# NPD - MJM London Fuzz II BC183 w/bias



## zerorez (Jul 4, 2008)

I received the new MJM London silicon version loaded with BC183's and really dig this new fuzz from Michael at MJM, he was a pleasure to work with and provided quick delivery after order placement and excellent customer service follow up.

Here is how Michael describes the BC183's after I wrote him to describe what I thought of the BC183 in the fuzz face circuit.
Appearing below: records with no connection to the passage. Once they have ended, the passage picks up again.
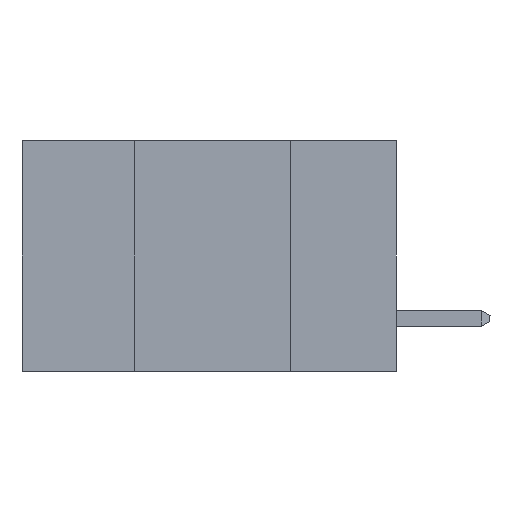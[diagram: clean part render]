
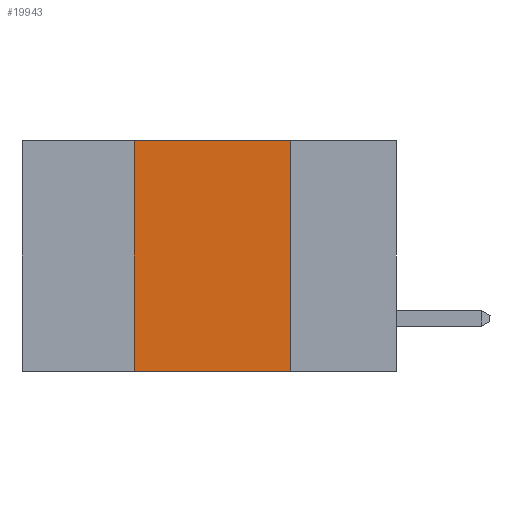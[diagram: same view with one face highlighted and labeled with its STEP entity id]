
A CAD part, left-side view. The second image highlights one B-rep face of the part: STEP entity #19943.
In plain terms, the highlighted planar face has unit normal (-1, 0, 0).
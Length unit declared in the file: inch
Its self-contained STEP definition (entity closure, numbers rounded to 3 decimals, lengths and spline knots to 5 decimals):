
#1165 = FACE_OUTER_BOUND ( 'NONE', #16967, .T. ) ;
#1585 = CARTESIAN_POINT ( 'NONE',  ( 0., 0.6, 0. ) ) ;
#2344 = ORIENTED_EDGE ( 'NONE', *, *, #16373, .F. ) ;
#2696 = VERTEX_POINT ( 'NONE', #3945 ) ;
#2947 = PLANE ( 'NONE',  #20336 ) ;
#3707 = CARTESIAN_POINT ( 'NONE',  ( 0., 0.6, -0.37 ) ) ;
#3945 = CARTESIAN_POINT ( 'NONE',  ( 0., 0.42, 0. ) ) ;
#4124 = CARTESIAN_POINT ( 'NONE',  ( 0., 0.42, -0.37 ) ) ;
#4888 = DIRECTION ( 'NONE',  ( 0., -1., 0. ) ) ;
#5330 = ORIENTED_EDGE ( 'NONE', *, *, #14361, .F. ) ;
#5566 = ORIENTED_EDGE ( 'NONE', *, *, #15009, .T. ) ;
#5900 = LINE ( 'NONE', #12547, #6245 ) ;
#5980 = DIRECTION ( 'NONE',  ( 1., 0., 0. ) ) ;
#6245 = VECTOR ( 'NONE', #18885, 39.37008 ) ;
#7428 = DIRECTION ( 'NONE',  ( 0., -1., 0. ) ) ;
#8004 = ORIENTED_EDGE ( 'NONE', *, *, #9258, .F. ) ;
#8059 = VECTOR ( 'NONE', #16818, 39.37008 ) ;
#8603 = VERTEX_POINT ( 'NONE', #17278 ) ;
#8825 = VECTOR ( 'NONE', #4888, 39.37008 ) ;
#9258 = EDGE_CURVE ( 'NONE', #11901, #2696, #11810, .T. ) ;
#10808 = CARTESIAN_POINT ( 'NONE',  ( 0., 0.42, -0.37 ) ) ;
#11810 = LINE ( 'NONE', #4124, #8059 ) ;
#11901 = VERTEX_POINT ( 'NONE', #10808 ) ;
#12547 = CARTESIAN_POINT ( 'NONE',  ( 0., 0.17, -0.37 ) ) ;
#13879 = DIRECTION ( 'NONE',  ( 0., 0., -1. ) ) ;
#14361 = EDGE_CURVE ( 'NONE', #2696, #8603, #17575, .T. ) ;
#15009 = EDGE_CURVE ( 'NONE', #11901, #15674, #16103, .T. ) ;
#15674 = VERTEX_POINT ( 'NONE', #20216 ) ;
#15860 = VECTOR ( 'NONE', #7428, 39.37008 ) ;
#16103 = LINE ( 'NONE', #3707, #8825 ) ;
#16373 = EDGE_CURVE ( 'NONE', #8603, #15674, #5900, .T. ) ;
#16818 = DIRECTION ( 'NONE',  ( 0., 0., 1. ) ) ;
#16967 = EDGE_LOOP ( 'NONE', ( #2344, #5330, #8004, #5566 ) ) ;
#17278 = CARTESIAN_POINT ( 'NONE',  ( 0., 0.17, 0. ) ) ;
#17575 = LINE ( 'NONE', #18945, #15860 ) ;
#18885 = DIRECTION ( 'NONE',  ( 0., 0., -1. ) ) ;
#18945 = CARTESIAN_POINT ( 'NONE',  ( 0., 0.6, 0. ) ) ;
#19943 = ADVANCED_FACE ( 'NONE', ( #1165 ), #2947, .F. ) ;
#20216 = CARTESIAN_POINT ( 'NONE',  ( 0., 0.17, -0.37 ) ) ;
#20336 = AXIS2_PLACEMENT_3D ( 'NONE', #1585, #5980, #13879 ) ;
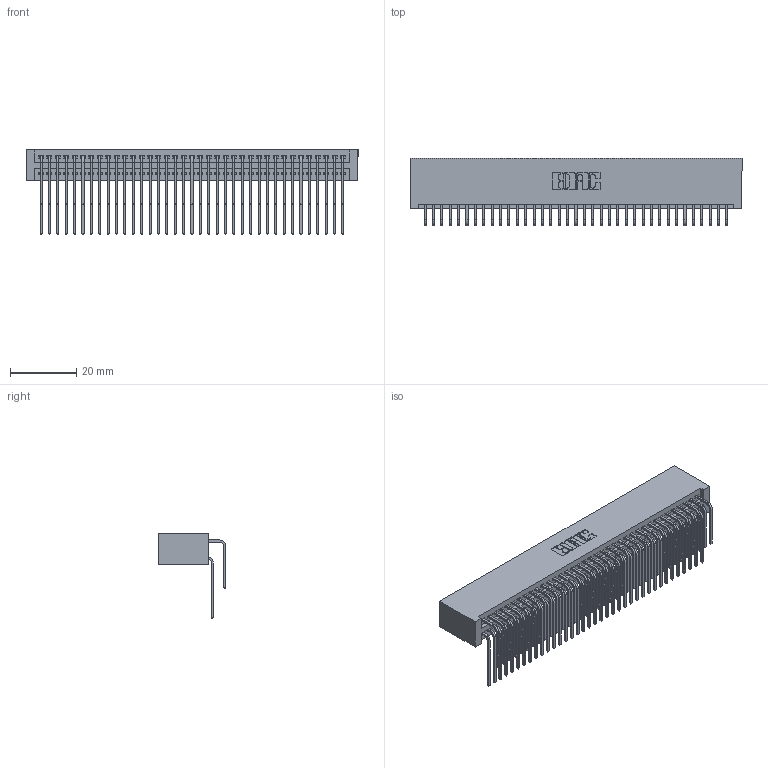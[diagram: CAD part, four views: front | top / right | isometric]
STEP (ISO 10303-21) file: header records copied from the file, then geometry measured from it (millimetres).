
FILE_DESCRIPTION (( 'STEP AP203' ), '1' );
FILE_NAME ('345-074-559-201.STEP', '2018-10-02T14:03:30', ( '' ), ( '' ), 'SwSTEP 2.0', 'SolidWorks 2016', '' );
FILE_SCHEMA (( 'CONFIG_CONTROL_DESIGN' ));
Length unit declared in the file: inch
Products named in the file (4): 345 Part_No Mounting Lugs; 345-292-001_558 559 Tail - 1; 345-292-001_559 Tail - 2; 345-074-559-201
Assembly tree (75 placements, depth 2):
  345-074-559-201
    345 Part_No Mounting Lugs
    345-292-001_558 559 Tail - 1  x37
    345-292-001_559 Tail - 2  x37
Bounding box: 100.58 x 20.56 x 25.53 mm (x, y, z)
Volume: 10767.2 mm3; surface area: 18129.5 mm2
Topology: 75 solids, 75 shells, 3966 faces, 11787 edges, 7758 vertices
Faces by surface type: plane 2666, cylinder 1300
Entity records: 31079 total; most frequent: CARTESIAN_POINT 5259, ORIENTED_EDGE 5142, DIRECTION 4611, EDGE_CURVE 2571, VECTOR 2259, LINE 2259, VERTEX_POINT 1710, AXIS2_PLACEMENT_3D 1176
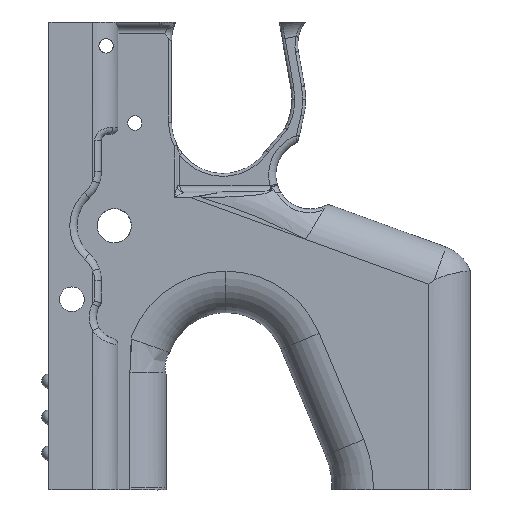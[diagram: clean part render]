
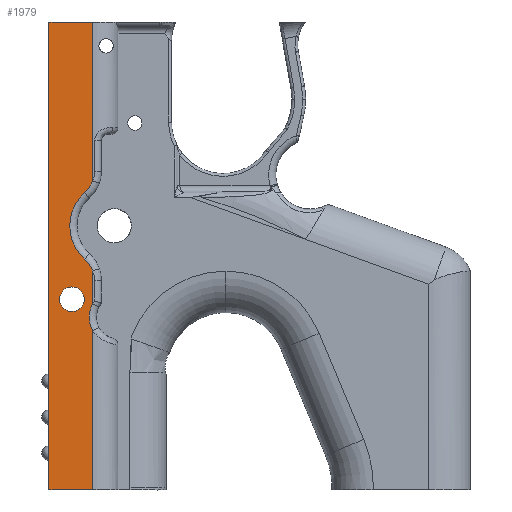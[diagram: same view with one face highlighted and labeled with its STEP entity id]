
A CAD part, left-side view. The second image highlights one B-rep face of the part: STEP entity #1979.
In plain terms, the highlighted planar face has unit normal (-1, 0, 0).
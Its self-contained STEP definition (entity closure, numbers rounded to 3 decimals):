
#35 = VERTEX_POINT ( 'NONE', #3280 ) ;
#245 = DIRECTION ( 'NONE',  ( 0., 0., 1. ) ) ;
#263 = PLANE ( 'NONE',  #3627 ) ;
#324 = VERTEX_POINT ( 'NONE', #12076 ) ;
#404 = CARTESIAN_POINT ( 'NONE',  ( -4.861, 21.06, 146.035 ) ) ;
#847 = VERTEX_POINT ( 'NONE', #7737 ) ;
#1063 = DIRECTION ( 'NONE',  ( -1., 0., 0. ) ) ;
#1094 = DIRECTION ( 'NONE',  ( 0., 0., 1. ) ) ;
#1127 = EDGE_CURVE ( 'NONE', #35, #6304, #12957, .T. ) ;
#1156 = LINE ( 'NONE', #3379, #9665 ) ;
#1325 = EDGE_LOOP ( 'NONE', ( #6548, #12789 ) ) ;
#1406 = FACE_OUTER_BOUND ( 'NONE', #2646, .T. ) ;
#1608 = VECTOR ( 'NONE', #7687, 1000. ) ;
#1711 = CARTESIAN_POINT ( 'NONE',  ( -4.861, 21.06, 82.636 ) ) ;
#1790 = DIRECTION ( 'NONE',  ( 0., 0., 1. ) ) ;
#1811 = LINE ( 'NONE', #6312, #2795 ) ;
#1979 = ADVANCED_FACE ( 'NONE', ( #6281, #1406 ), #263, .T. ) ;
#2265 = CARTESIAN_POINT ( 'NONE',  ( -4.861, 21.06, -3.178 ) ) ;
#2284 = CARTESIAN_POINT ( 'NONE',  ( -4.861, 21.06, 146.035 ) ) ;
#2305 = VECTOR ( 'NONE', #5846, 1000. ) ;
#2489 = EDGE_CURVE ( 'NONE', #13006, #8900, #10411, .T. ) ;
#2646 = EDGE_LOOP ( 'NONE', ( #5778, #9941, #11200, #9386, #4242, #3780, #11671, #8270, #3523, #4512 ) ) ;
#2742 = CARTESIAN_POINT ( 'NONE',  ( -4.861, 21.06, 4.399 ) ) ;
#2795 = VECTOR ( 'NONE', #12666, 1000. ) ;
#2818 = DIRECTION ( 'NONE',  ( 1., 0., 0. ) ) ;
#2913 = VERTEX_POINT ( 'NONE', #1711 ) ;
#3280 = CARTESIAN_POINT ( 'NONE',  ( -4.861, 26.817, 2.185 ) ) ;
#3354 = EDGE_CURVE ( 'NONE', #8900, #9213, #1156, .T. ) ;
#3379 = CARTESIAN_POINT ( 'NONE',  ( -4.861, 21.06, 146.035 ) ) ;
#3523 = ORIENTED_EDGE ( 'NONE', *, *, #3354, .T. ) ;
#3627 = AXIS2_PLACEMENT_3D ( 'NONE', #11150, #9012, #12170 ) ;
#3628 = DIRECTION ( 'NONE',  ( 1., 0., 0. ) ) ;
#3779 = CIRCLE ( 'NONE', #5392, 12.362 ) ;
#3780 = ORIENTED_EDGE ( 'NONE', *, *, #9969, .F. ) ;
#4019 = DIRECTION ( 'NONE',  ( 0., 0., 1. ) ) ;
#4242 = ORIENTED_EDGE ( 'NONE', *, *, #6187, .F. ) ;
#4393 = CARTESIAN_POINT ( 'NONE',  ( -4.861, 28.625, 41.182 ) ) ;
#4512 = ORIENTED_EDGE ( 'NONE', *, *, #12599, .T. ) ;
#4655 = CARTESIAN_POINT ( 'NONE',  ( -4.861, 21.06, 38.582 ) ) ;
#4929 = CARTESIAN_POINT ( 'NONE',  ( -4.861, 14.002, 0.611 ) ) ;
#4966 = AXIS2_PLACEMENT_3D ( 'NONE', #6123, #7647, #1094 ) ;
#4988 = CARTESIAN_POINT ( 'NONE',  ( -4.861, 28.625, 10.839 ) ) ;
#5260 = AXIS2_PLACEMENT_3D ( 'NONE', #4988, #12287, #6004 ) ;
#5308 = CARTESIAN_POINT ( 'NONE',  ( -4.861, 15.044, 26.011 ) ) ;
#5340 = CIRCLE ( 'NONE', #5863, 8. ) ;
#5392 = AXIS2_PLACEMENT_3D ( 'NONE', #5308, #2818, #10170 ) ;
#5500 = DIRECTION ( 'NONE',  ( 0., 0., 1. ) ) ;
#5548 = DIRECTION ( 'NONE',  ( 0., 0., 1. ) ) ;
#5549 = VECTOR ( 'NONE', #4019, 1000. ) ;
#5637 = CARTESIAN_POINT ( 'NONE',  ( -4.861, 26.817, 9.043 ) ) ;
#5653 = CIRCLE ( 'NONE', #5260, 8. ) ;
#5748 = EDGE_CURVE ( 'NONE', #6304, #35, #10339, .T. ) ;
#5778 = ORIENTED_EDGE ( 'NONE', *, *, #6018, .T. ) ;
#5846 = DIRECTION ( 'NONE',  ( 0., 1., 0. ) ) ;
#5863 = AXIS2_PLACEMENT_3D ( 'NONE', #4393, #1063, #5548 ) ;
#6004 = DIRECTION ( 'NONE',  ( 0., 0., 1. ) ) ;
#6018 = EDGE_CURVE ( 'NONE', #10407, #324, #3779, .T. ) ;
#6123 = CARTESIAN_POINT ( 'NONE',  ( -4.861, 26.817, 5.614 ) ) ;
#6187 = EDGE_CURVE ( 'NONE', #9848, #9715, #1811, .T. ) ;
#6281 = FACE_BOUND ( 'NONE', #1325, .T. ) ;
#6304 = VERTEX_POINT ( 'NONE', #5637 ) ;
#6312 = CARTESIAN_POINT ( 'NONE',  ( -4.861, 33.179, 167.539 ) ) ;
#6518 = EDGE_CURVE ( 'NONE', #2913, #9715, #10678, .T. ) ;
#6548 = ORIENTED_EDGE ( 'NONE', *, *, #5748, .F. ) ;
#6755 = EDGE_CURVE ( 'NONE', #847, #13006, #13202, .T. ) ;
#7256 = EDGE_CURVE ( 'NONE', #13492, #2913, #10047, .T. ) ;
#7319 = EDGE_CURVE ( 'NONE', #324, #13492, #5340, .T. ) ;
#7647 = DIRECTION ( 'NONE',  ( -1., 0., 0. ) ) ;
#7687 = DIRECTION ( 'NONE',  ( 0., 1., 0. ) ) ;
#7720 = DIRECTION ( 'NONE',  ( 0., 0., 1. ) ) ;
#7737 = CARTESIAN_POINT ( 'NONE',  ( -4.861, 21.06, -47.364 ) ) ;
#7960 = DIRECTION ( 'NONE',  ( -1., 0., 0. ) ) ;
#8270 = ORIENTED_EDGE ( 'NONE', *, *, #2489, .T. ) ;
#8650 = CARTESIAN_POINT ( 'NONE',  ( -4.861, 23.289, 16.8 ) ) ;
#8762 = CARTESIAN_POINT ( 'NONE',  ( -4.861, 21.06, 13.44 ) ) ;
#8900 = VERTEX_POINT ( 'NONE', #2742 ) ;
#8980 = AXIS2_PLACEMENT_3D ( 'NONE', #4929, #3628, #245 ) ;
#9012 = DIRECTION ( 'NONE',  ( -1., 0., 0. ) ) ;
#9213 = VERTEX_POINT ( 'NONE', #8762 ) ;
#9386 = ORIENTED_EDGE ( 'NONE', *, *, #6518, .T. ) ;
#9665 = VECTOR ( 'NONE', #5500, 1000. ) ;
#9715 = VERTEX_POINT ( 'NONE', #10496 ) ;
#9848 = VERTEX_POINT ( 'NONE', #13496 ) ;
#9941 = ORIENTED_EDGE ( 'NONE', *, *, #7319, .T. ) ;
#9969 = EDGE_CURVE ( 'NONE', #847, #9848, #13396, .T. ) ;
#10047 = LINE ( 'NONE', #404, #10159 ) ;
#10083 = CARTESIAN_POINT ( 'NONE',  ( -4.861, 26.817, 5.614 ) ) ;
#10159 = VECTOR ( 'NONE', #7720, 1000. ) ;
#10170 = DIRECTION ( 'NONE',  ( 0., 0., 1. ) ) ;
#10339 = CIRCLE ( 'NONE', #4966, 3.429 ) ;
#10407 = VERTEX_POINT ( 'NONE', #8650 ) ;
#10411 = CIRCLE ( 'NONE', #8980, 8.01 ) ;
#10496 = CARTESIAN_POINT ( 'NONE',  ( -4.861, 33.179, 82.636 ) ) ;
#10678 = LINE ( 'NONE', #12256, #2305 ) ;
#10801 = CARTESIAN_POINT ( 'NONE',  ( -4.861, 21.06, -47.364 ) ) ;
#11150 = CARTESIAN_POINT ( 'NONE',  ( -4.861, 21.06, 146.035 ) ) ;
#11200 = ORIENTED_EDGE ( 'NONE', *, *, #7256, .T. ) ;
#11671 = ORIENTED_EDGE ( 'NONE', *, *, #6755, .T. ) ;
#12076 = CARTESIAN_POINT ( 'NONE',  ( -4.861, 23.289, 35.222 ) ) ;
#12170 = DIRECTION ( 'NONE',  ( 0., 0., 1. ) ) ;
#12256 = CARTESIAN_POINT ( 'NONE',  ( -4.861, 21.06, 82.636 ) ) ;
#12287 = DIRECTION ( 'NONE',  ( -1., 0., 0. ) ) ;
#12599 = EDGE_CURVE ( 'NONE', #9213, #10407, #5653, .T. ) ;
#12666 = DIRECTION ( 'NONE',  ( 0., 0., 1. ) ) ;
#12789 = ORIENTED_EDGE ( 'NONE', *, *, #1127, .F. ) ;
#12957 = CIRCLE ( 'NONE', #13523, 3.429 ) ;
#13006 = VERTEX_POINT ( 'NONE', #2265 ) ;
#13202 = LINE ( 'NONE', #2284, #5549 ) ;
#13396 = LINE ( 'NONE', #10801, #1608 ) ;
#13492 = VERTEX_POINT ( 'NONE', #4655 ) ;
#13496 = CARTESIAN_POINT ( 'NONE',  ( -4.861, 33.179, -47.364 ) ) ;
#13523 = AXIS2_PLACEMENT_3D ( 'NONE', #10083, #7960, #1790 ) ;

_Glad to hear you like the pedal and it worked our well for you, thanks for letting me know!_

_The BC 183's were sort of transitional transistors used in the Fuzz Face, right after the germanium NKT275's and before the BC 108's, so i guess the 183's were selected to at least mimic some warmth of the previous germanium model._

_I agree, not quite thick sounding as germanium but not quite the high end bite/sizzle of the 108's but definitely smooth and musical.


_


----------



## elliottmoose (Aug 20, 2012)

Mmm mighty fine shots of a fine-lookin' pedal. Well done with the purchase and pics.


----------



## blam (Feb 18, 2011)

I have the germanium version. its a little thick and muddy with buckers but cleans up nicely with the volume knob.

havent had a chance to try it with singles yet as i dont own a guitar with singles!

have to say MJM makes some nice pedals


----------